Vragen van het lid Jan de Vries (CDA) aan de minister van Volksgezondheid, Welzijn en Sport over ziekenhuisfusies die de zorg duurder maken. (Ingezonden 31 december 2009)
1
Kent u de NMa-studie naar de gevolgen van ziekenhuisfusies voor de prijzen van verrichtingen?1 Zo ja, bent u bereid deze studie aan de Kamer te zenden? Ja, ik ben bekend met de studie.

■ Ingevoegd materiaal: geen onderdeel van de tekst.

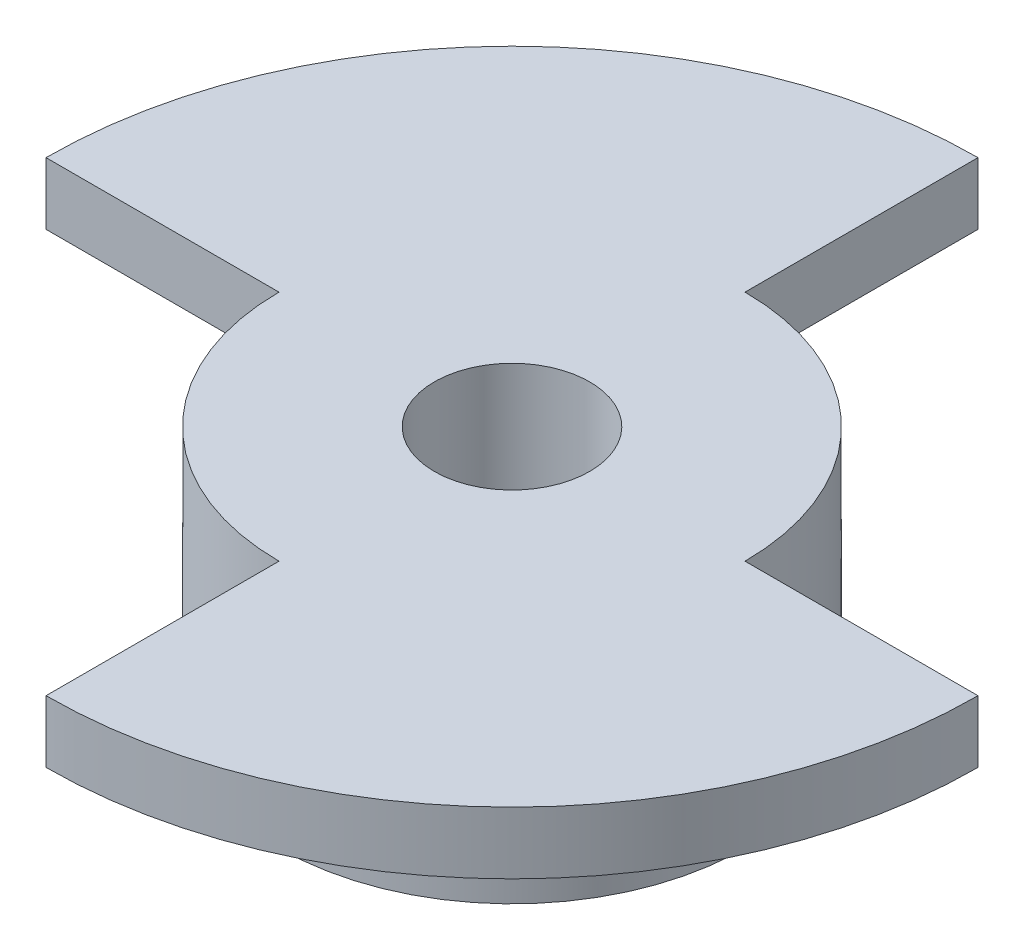
ISO-10303-21;
HEADER;
FILE_DESCRIPTION(('STEP AP214'),'2;1');
FILE_NAME('part.step','',(''),(''),'','','');
FILE_SCHEMA(('AUTOMOTIVE_DESIGN { 1 0 10303 214 1 1 1 1 }'));
ENDSEC;
DATA;
#1=APPLICATION_CONTEXT('core data for automotive mechanical design processes');
#2=APPLICATION_PROTOCOL_DEFINITION('international standard','automotive_design',2000,#1);
#3=PRODUCT_CONTEXT('',#1,'mechanical');
#4=PRODUCT('Part','Part','',(#3));
#5=PRODUCT_RELATED_PRODUCT_CATEGORY('part','',(#4));
#6=PRODUCT_DEFINITION_FORMATION('','',#4);
#7=PRODUCT_DEFINITION_CONTEXT('part definition',#1,'design');
#8=PRODUCT_DEFINITION('design','',#6,#7);
#9=PRODUCT_DEFINITION_SHAPE('','',#8);
#10=(LENGTH_UNIT() NAMED_UNIT(*) SI_UNIT(.MILLI.,.METRE.));
#11=(NAMED_UNIT(*) PLANE_ANGLE_UNIT() SI_UNIT($,.RADIAN.));
#12=(NAMED_UNIT(*) SI_UNIT($,.STERADIAN.) SOLID_ANGLE_UNIT());
#13=UNCERTAINTY_MEASURE_WITH_UNIT(LENGTH_MEASURE(1.E-05),#10,'distance_accuracy_value','');
#14=(GEOMETRIC_REPRESENTATION_CONTEXT(3) GLOBAL_UNCERTAINTY_ASSIGNED_CONTEXT((#13)) GLOBAL_UNIT_ASSIGNED_CONTEXT((#10,
#11,#12)) REPRESENTATION_CONTEXT('',''));
#15=CARTESIAN_POINT('',(0.,0.,0.));
#16=DIRECTION('',(0.,0.,1.));
#17=DIRECTION('',(1.,0.,0.));
#18=AXIS2_PLACEMENT_3D('',#15,#16,#17);
#19=CARTESIAN_POINT('',(0.,24.642857142857,0.));
#20=DIRECTION('',(0.,1.,0.));
#21=DIRECTION('',(0.,0.,1.));
#22=AXIS2_PLACEMENT_3D('',#19,#20,#21);
#23=CYLINDRICAL_SURFACE('',#22,15.);
#24=CARTESIAN_POINT('',(0.,6.,0.));
#25=DIRECTION('',(0.,1.,0.));
#26=DIRECTION('',(0.,0.,1.));
#27=AXIS2_PLACEMENT_3D('',#24,#25,#26);
#28=CIRCLE('',#27,15.);
#29=CARTESIAN_POINT('',(0.,6.,15.));
#30=VERTEX_POINT('',#29);
#31=CARTESIAN_POINT('',(15.,6.,0.));
#32=VERTEX_POINT('',#31);
#33=EDGE_CURVE('E156',#30,#32,#28,.T.);
#34=ORIENTED_EDGE('',*,*,#33,.T.);
#35=DIRECTION('',(0.,1.,0.));
#36=VECTOR('',#35,1.);
#37=CARTESIAN_POINT('',(15.,24.642857142857,0.));
#38=LINE('',#37,#36);
#39=CARTESIAN_POINT('',(15.,8.,0.));
#40=VERTEX_POINT('',#39);
#41=EDGE_CURVE('E149',#32,#40,#38,.T.);
#42=ORIENTED_EDGE('',*,*,#41,.T.);
#43=CARTESIAN_POINT('',(0.,8.,0.));
#44=DIRECTION('',(0.,1.,0.));
#45=DIRECTION('',(0.,0.,1.));
#46=AXIS2_PLACEMENT_3D('',#43,#44,#45);
#47=CIRCLE('',#46,15.);
#48=CARTESIAN_POINT('',(0.,8.,15.));
#49=VERTEX_POINT('',#48);
#50=EDGE_CURVE('E160',#49,#40,#47,.T.);
#51=ORIENTED_EDGE('',*,*,#50,.F.);
#52=DIRECTION('',(0.,1.,0.));
#53=VECTOR('',#52,1.);
#54=CARTESIAN_POINT('',(0.,24.642857142857,15.));
#55=LINE('',#54,#53);
#56=EDGE_CURVE('E141',#49,#30,#55,.F.);
#57=ORIENTED_EDGE('',*,*,#56,.T.);
#58=EDGE_LOOP('',(#34,#42,#51,#57));
#59=FACE_BOUND('',#58,.T.);
#60=ADVANCED_FACE('F34',(#59),#23,.T.);
#61=CARTESIAN_POINT('',(7.5,6.,0.));
#62=DIRECTION('',(0.,1.,0.));
#63=DIRECTION('',(0.,0.,1.));
#64=AXIS2_PLACEMENT_3D('',#61,#62,#63);
#65=PLANE('',#64);
#66=CARTESIAN_POINT('',(0.,6.,0.));
#67=DIRECTION('',(0.,1.,0.));
#68=DIRECTION('',(0.,0.,1.));
#69=AXIS2_PLACEMENT_3D('',#66,#67,#68);
#70=CIRCLE('',#69,7.5);
#71=CARTESIAN_POINT('',(0.,6.,7.5));
#72=VERTEX_POINT('',#71);
#73=CARTESIAN_POINT('',(7.5,6.,0.));
#74=VERTEX_POINT('',#73);
#75=EDGE_CURVE('E152',#72,#74,#70,.T.);
#76=ORIENTED_EDGE('',*,*,#75,.T.);
#77=DIRECTION('',(1.,0.,0.));
#78=VECTOR('',#77,1.);
#79=CARTESIAN_POINT('',(7.5,6.,0.));
#80=LINE('',#79,#78);
#81=EDGE_CURVE('E11',#74,#32,#80,.T.);
#82=ORIENTED_EDGE('',*,*,#81,.T.);
#83=ORIENTED_EDGE('',*,*,#33,.F.);
#84=DIRECTION('',(0.,0.,1.));
#85=VECTOR('',#84,1.);
#86=CARTESIAN_POINT('',(0.,6.,7.5));
#87=LINE('',#86,#85);
#88=EDGE_CURVE('E127',#72,#30,#87,.T.);
#89=ORIENTED_EDGE('',*,*,#88,.F.);
#90=EDGE_LOOP('',(#76,#82,#83,#89));
#91=FACE_BOUND('',#90,.T.);
#92=ADVANCED_FACE('F187',(#91),#65,.F.);
#93=CARTESIAN_POINT('',(0.,24.642857142857,0.));
#94=DIRECTION('',(0.,1.,0.));
#95=DIRECTION('',(0.,0.,1.));
#96=AXIS2_PLACEMENT_3D('',#93,#94,#95);
#97=CYLINDRICAL_SURFACE('',#96,7.5);
#98=ORIENTED_EDGE('',*,*,#75,.F.);
#99=DIRECTION('',(0.,-1.,0.));
#100=VECTOR('',#99,1.);
#101=CARTESIAN_POINT('',(0.,8.,7.5));
#102=LINE('',#101,#100);
#103=CARTESIAN_POINT('',(0.,8.,7.5));
#104=VERTEX_POINT('',#103);
#105=EDGE_CURVE('E57',#104,#72,#102,.T.);
#106=ORIENTED_EDGE('',*,*,#105,.F.);
#107=CARTESIAN_POINT('',(0.,8.,0.));
#108=DIRECTION('',(0.,1.,0.));
#109=DIRECTION('',(0.,0.,-1.));
#110=AXIS2_PLACEMENT_3D('',#107,#108,#109);
#111=CIRCLE('',#110,7.5);
#112=CARTESIAN_POINT('',(-7.5,8.,0.));
#113=VERTEX_POINT('',#112);
#114=EDGE_CURVE('E129',#113,#104,#111,.T.);
#115=ORIENTED_EDGE('',*,*,#114,.F.);
#116=DIRECTION('',(0.,-1.,0.));
#117=VECTOR('',#116,1.);
#118=CARTESIAN_POINT('',(-7.5,8.,0.));
#119=LINE('',#118,#117);
#120=CARTESIAN_POINT('',(-7.5,6.,0.));
#121=VERTEX_POINT('',#120);
#122=EDGE_CURVE('E139',#113,#121,#119,.T.);
#123=ORIENTED_EDGE('',*,*,#122,.T.);
#124=CARTESIAN_POINT('',(0.,6.,-7.5));
#125=VERTEX_POINT('',#124);
#126=EDGE_CURVE('E107',#125,#121,#70,.T.);
#127=ORIENTED_EDGE('',*,*,#126,.F.);
#128=DIRECTION('',(0.,-1.,0.));
#129=VECTOR('',#128,1.);
#130=CARTESIAN_POINT('',(0.,8.,-7.5));
#131=LINE('',#130,#129);
#132=CARTESIAN_POINT('',(0.,8.,-7.5));
#133=VERTEX_POINT('',#132);
#134=EDGE_CURVE('E49',#133,#125,#131,.T.);
#135=ORIENTED_EDGE('',*,*,#134,.F.);
#136=CARTESIAN_POINT('',(0.,8.,0.));
#137=DIRECTION('',(0.,1.,0.));
#138=DIRECTION('',(0.,0.,-1.));
#139=AXIS2_PLACEMENT_3D('',#136,#137,#138);
#140=CIRCLE('',#139,7.5);
#141=CARTESIAN_POINT('',(7.5,8.,0.));
#142=VERTEX_POINT('',#141);
#143=EDGE_CURVE('E103',#142,#133,#140,.T.);
#144=ORIENTED_EDGE('',*,*,#143,.F.);
#145=DIRECTION('',(0.,-1.,0.));
#146=VECTOR('',#145,1.);
#147=CARTESIAN_POINT('',(7.5,8.,0.));
#148=LINE('',#147,#146);
#149=EDGE_CURVE('E108',#142,#74,#148,.T.);
#150=ORIENTED_EDGE('',*,*,#149,.T.);
#151=EDGE_LOOP('',(#98,#106,#115,#123,#127,#135,#144,#150));
#152=FACE_BOUND('',#151,.T.);
#153=CARTESIAN_POINT('',(0.,0.,0.));
#154=DIRECTION('',(0.,1.,0.));
#155=DIRECTION('',(0.,0.,1.));
#156=AXIS2_PLACEMENT_3D('',#153,#154,#155);
#157=CIRCLE('',#156,7.5);
#158=CARTESIAN_POINT('',(0.,0.,7.5));
#159=VERTEX_POINT('',#158);
#160=EDGE_CURVE('E168',#159,#159,#157,.T.);
#161=ORIENTED_EDGE('',*,*,#160,.T.);
#162=EDGE_LOOP('',(#161));
#163=FACE_BOUND('',#162,.T.);
#164=ADVANCED_FACE('F36',(#152,#163),#97,.T.);
#165=CARTESIAN_POINT('',(2.5,0.,0.));
#166=DIRECTION('',(0.,1.,0.));
#167=DIRECTION('',(0.,0.,1.));
#168=AXIS2_PLACEMENT_3D('',#165,#166,#167);
#169=PLANE('',#168);
#170=ORIENTED_EDGE('',*,*,#160,.F.);
#171=EDGE_LOOP('',(#170));
#172=FACE_BOUND('',#171,.T.);
#173=CARTESIAN_POINT('',(0.,0.,0.));
#174=DIRECTION('',(0.,1.,0.));
#175=DIRECTION('',(0.,0.,1.));
#176=AXIS2_PLACEMENT_3D('',#173,#174,#175);
#177=CIRCLE('',#176,2.5);
#178=CARTESIAN_POINT('',(0.,0.,2.5));
#179=VERTEX_POINT('',#178);
#180=EDGE_CURVE('E165',#179,#179,#177,.T.);
#181=ORIENTED_EDGE('',*,*,#180,.T.);
#182=EDGE_LOOP('',(#181));
#183=FACE_BOUND('',#182,.T.);
#184=ADVANCED_FACE('F194',(#172,#183),#169,.F.);
#185=CARTESIAN_POINT('',(0.,24.642857142857,0.));
#186=DIRECTION('',(0.,1.,0.));
#187=DIRECTION('',(0.,0.,1.));
#188=AXIS2_PLACEMENT_3D('',#185,#186,#187);
#189=CYLINDRICAL_SURFACE('',#188,2.5);
#190=ORIENTED_EDGE('',*,*,#180,.F.);
#191=EDGE_LOOP('',(#190));
#192=FACE_BOUND('',#191,.T.);
#193=CARTESIAN_POINT('',(0.,8.,0.));
#194=DIRECTION('',(0.,1.,0.));
#195=DIRECTION('',(0.,0.,1.));
#196=AXIS2_PLACEMENT_3D('',#193,#194,#195);
#197=CIRCLE('',#196,2.5);
#198=CARTESIAN_POINT('',(0.,8.,2.5));
#199=VERTEX_POINT('',#198);
#200=EDGE_CURVE('E162',#199,#199,#197,.T.);
#201=ORIENTED_EDGE('',*,*,#200,.T.);
#202=EDGE_LOOP('',(#201));
#203=FACE_BOUND('',#202,.T.);
#204=ADVANCED_FACE('F206',(#192,#203),#189,.F.);
#205=CARTESIAN_POINT('',(15.,8.,0.));
#206=DIRECTION('',(0.,-1.,0.));
#207=DIRECTION('',(0.,0.,-1.));
#208=AXIS2_PLACEMENT_3D('',#205,#206,#207);
#209=PLANE('',#208);
#210=ORIENTED_EDGE('',*,*,#200,.F.);
#211=EDGE_LOOP('',(#210));
#212=FACE_BOUND('',#211,.T.);
#213=ORIENTED_EDGE('',*,*,#50,.T.);
#214=DIRECTION('',(-1.,0.,0.));
#215=VECTOR('',#214,1.);
#216=CARTESIAN_POINT('',(7.5,8.,0.));
#217=LINE('',#216,#215);
#218=EDGE_CURVE('E109',#40,#142,#217,.T.);
#219=ORIENTED_EDGE('',*,*,#218,.T.);
#220=ORIENTED_EDGE('',*,*,#143,.T.);
#221=DIRECTION('',(0.,0.,-1.));
#222=VECTOR('',#221,1.);
#223=CARTESIAN_POINT('',(0.,8.,-21.9448200159144));
#224=LINE('',#223,#222);
#225=CARTESIAN_POINT('',(0.,8.,-15.));
#226=VERTEX_POINT('',#225);
#227=EDGE_CURVE('E112',#133,#226,#224,.T.);
#228=ORIENTED_EDGE('',*,*,#227,.T.);
#229=CARTESIAN_POINT('',(-15.,8.,0.));
#230=VERTEX_POINT('',#229);
#231=EDGE_CURVE('E159',#226,#230,#47,.T.);
#232=ORIENTED_EDGE('',*,*,#231,.T.);
#233=DIRECTION('',(1.,0.,0.));
#234=VECTOR('',#233,1.);
#235=CARTESIAN_POINT('',(-23.4870721059012,8.,0.));
#236=LINE('',#235,#234);
#237=EDGE_CURVE('E135',#230,#113,#236,.T.);
#238=ORIENTED_EDGE('',*,*,#237,.T.);
#239=ORIENTED_EDGE('',*,*,#114,.T.);
#240=DIRECTION('',(0.,0.,1.));
#241=VECTOR('',#240,1.);
#242=CARTESIAN_POINT('',(0.,8.,7.5));
#243=LINE('',#242,#241);
#244=EDGE_CURVE('E132',#104,#49,#243,.T.);
#245=ORIENTED_EDGE('',*,*,#244,.T.);
#246=EDGE_LOOP('',(#213,#219,#220,#228,#232,#238,#239,#245));
#247=FACE_BOUND('',#246,.T.);
#248=ADVANCED_FACE('F121',(#212,#247),#209,.F.);
#249=ORIENTED_EDGE('',*,*,#231,.F.);
#250=DIRECTION('',(0.,1.,0.));
#251=VECTOR('',#250,1.);
#252=CARTESIAN_POINT('',(0.,24.642857142857,-15.));
#253=LINE('',#252,#251);
#254=CARTESIAN_POINT('',(0.,6.,-15.));
#255=VERTEX_POINT('',#254);
#256=EDGE_CURVE('E115',#226,#255,#253,.F.);
#257=ORIENTED_EDGE('',*,*,#256,.T.);
#258=CARTESIAN_POINT('',(-15.,6.,0.));
#259=VERTEX_POINT('',#258);
#260=EDGE_CURVE('E155',#255,#259,#28,.T.);
#261=ORIENTED_EDGE('',*,*,#260,.T.);
#262=DIRECTION('',(0.,1.,0.));
#263=VECTOR('',#262,1.);
#264=CARTESIAN_POINT('',(-15.,24.642857142857,0.));
#265=LINE('',#264,#263);
#266=EDGE_CURVE('E145',#259,#230,#265,.T.);
#267=ORIENTED_EDGE('',*,*,#266,.T.);
#268=EDGE_LOOP('',(#249,#257,#261,#267));
#269=FACE_BOUND('',#268,.T.);
#270=ADVANCED_FACE('F177',(#269),#23,.T.);
#271=ORIENTED_EDGE('',*,*,#260,.F.);
#272=DIRECTION('',(0.,0.,-1.));
#273=VECTOR('',#272,1.);
#274=CARTESIAN_POINT('',(0.,6.,-21.9448200159144));
#275=LINE('',#274,#273);
#276=EDGE_CURVE('E122',#125,#255,#275,.T.);
#277=ORIENTED_EDGE('',*,*,#276,.F.);
#278=ORIENTED_EDGE('',*,*,#126,.T.);
#279=DIRECTION('',(-1.,0.,0.));
#280=VECTOR('',#279,1.);
#281=CARTESIAN_POINT('',(7.5,6.,0.));
#282=LINE('',#281,#280);
#283=EDGE_CURVE('E42',#121,#259,#282,.T.);
#284=ORIENTED_EDGE('',*,*,#283,.T.);
#285=EDGE_LOOP('',(#271,#277,#278,#284));
#286=FACE_BOUND('',#285,.T.);
#287=ADVANCED_FACE('F174',(#286),#65,.F.);
#288=CARTESIAN_POINT('',(-23.4870721059012,8.,0.));
#289=DIRECTION('',(0.,0.,-1.));
#290=DIRECTION('',(-1.,0.,0.));
#291=AXIS2_PLACEMENT_3D('',#288,#289,#290);
#292=PLANE('',#291);
#293=ORIENTED_EDGE('',*,*,#283,.F.);
#294=ORIENTED_EDGE('',*,*,#122,.F.);
#295=ORIENTED_EDGE('',*,*,#237,.F.);
#296=ORIENTED_EDGE('',*,*,#266,.F.);
#297=EDGE_LOOP('',(#293,#294,#295,#296));
#298=FACE_BOUND('',#297,.T.);
#299=ADVANCED_FACE('F179',(#298),#292,.F.);
#300=CARTESIAN_POINT('',(0.,8.,7.5));
#301=DIRECTION('',(1.,0.,0.));
#302=DIRECTION('',(0.,0.,-1.));
#303=AXIS2_PLACEMENT_3D('',#300,#301,#302);
#304=PLANE('',#303);
#305=ORIENTED_EDGE('',*,*,#244,.F.);
#306=ORIENTED_EDGE('',*,*,#105,.T.);
#307=ORIENTED_EDGE('',*,*,#88,.T.);
#308=ORIENTED_EDGE('',*,*,#56,.F.);
#309=EDGE_LOOP('',(#305,#306,#307,#308));
#310=FACE_BOUND('',#309,.T.);
#311=ADVANCED_FACE('F180',(#310),#304,.F.);
#312=CARTESIAN_POINT('',(7.5,8.,0.));
#313=DIRECTION('',(0.,0.,1.));
#314=DIRECTION('',(1.,0.,0.));
#315=AXIS2_PLACEMENT_3D('',#312,#313,#314);
#316=PLANE('',#315);
#317=ORIENTED_EDGE('',*,*,#81,.F.);
#318=ORIENTED_EDGE('',*,*,#149,.F.);
#319=ORIENTED_EDGE('',*,*,#218,.F.);
#320=ORIENTED_EDGE('',*,*,#41,.F.);
#321=EDGE_LOOP('',(#317,#318,#319,#320));
#322=FACE_BOUND('',#321,.T.);
#323=ADVANCED_FACE('F185',(#322),#316,.F.);
#324=CARTESIAN_POINT('',(0.,8.,-21.9448200159144));
#325=DIRECTION('',(-1.,0.,0.));
#326=DIRECTION('',(0.,0.,1.));
#327=AXIS2_PLACEMENT_3D('',#324,#325,#326);
#328=PLANE('',#327);
#329=ORIENTED_EDGE('',*,*,#227,.F.);
#330=ORIENTED_EDGE('',*,*,#134,.T.);
#331=ORIENTED_EDGE('',*,*,#276,.T.);
#332=ORIENTED_EDGE('',*,*,#256,.F.);
#333=EDGE_LOOP('',(#329,#330,#331,#332));
#334=FACE_BOUND('',#333,.T.);
#335=ADVANCED_FACE('F113',(#334),#328,.F.);
#336=CLOSED_SHELL('',(#60,#92,#164,#184,#204,#248,#270,#287,#299,#311,#323,#335));
#337=MANIFOLD_SOLID_BREP('B2',#336);
#338=ADVANCED_BREP_SHAPE_REPRESENTATION('',(#18,#337),#14);
#339=SHAPE_DEFINITION_REPRESENTATION(#9,#338);
ENDSEC;
END-ISO-10303-21;

De Nederlandse Mededingingsautoriteit (NMa) heeft in 2009 een onderzoek uitgevoerd naar de prijseffecten van een tweetal fusies, de fusie tussen Ziekenhuis Hilversum en Ziekenhuis Gooi-Noord en de fusie tussen het Havenziekenhuis (Rotterdam) en het Erasmus MC. Daarbij is gekeken naar één operatie in het B-segment, de heupoperatie. Deze vorm van onderzoek voert de NMa uit om haar marktkennis te vergroten en om de methodiek van fusietoetsing zo mogelijk te verbeteren. Dit past binnen haar monitoringstaak. Dergelijke kennis gebruikt de NMa in toekomstige zaken. Het onderzoek is gepresenteerd op een wetenschappelijk congres opdat via de internationale dialoog met vakgenoten de fusietoetsing steeds verder kan worden verbeterd. Een concept van de studie heeft de NMa inmiddels op haar website geplaatst. Het is de bedoeling de studie binnenkort uit te brengen als NMa discussion paper. Het is vervolgens de bedoeling de studie in een wetenschappelijk tijdschrift te publiceren. Bijgevoegd vindt u het concept van de studie.
2
Vindt u dat ziekenhuisfusies niet alleen de menselijke maat en keuzevrijheid aantasten maar ook leiden tot minder concurrentie en dus hogere zorgkosten?
3
Kan op basis van de door de NMa beoordeelde ziekenhuisfusies achteraf gesteld worden dat er in deze fusies sprake is geweest van een onjuiste beoordeling van deze fusies en van de voordelen die daarvan werden verwacht? Ik begrijp dat de uitkomst van de studie mogelijk vragen kan oproepen. Uit de studie kan echter niet worden geconcludeerd dat ziekenhuisfusies in algemene zin leiden tot minder concurrentie en een stijging van de totale zorgkosten. Het betreft een partiële studie waarbij er is gekeken naar 1 operatie in het B-segment, de heupoperatie. De prijsontwikkeling van andere behandelingen in het B-segment is niet meegnomen in het onderzoek. In de periode waarop het onderzoek ziet (2005-2007) was dit binnen het B-segment een belangrijke operatie (20% van de omzet). Het B-segment betrof in die periode echter circa 8% van de totale ziekenhuiszorg. Het huidige B-segment betreft circa 34% van de totale ziekenhuiszorg. De studie ziet derhalve op ongeveer 5% van het huidige B-segment.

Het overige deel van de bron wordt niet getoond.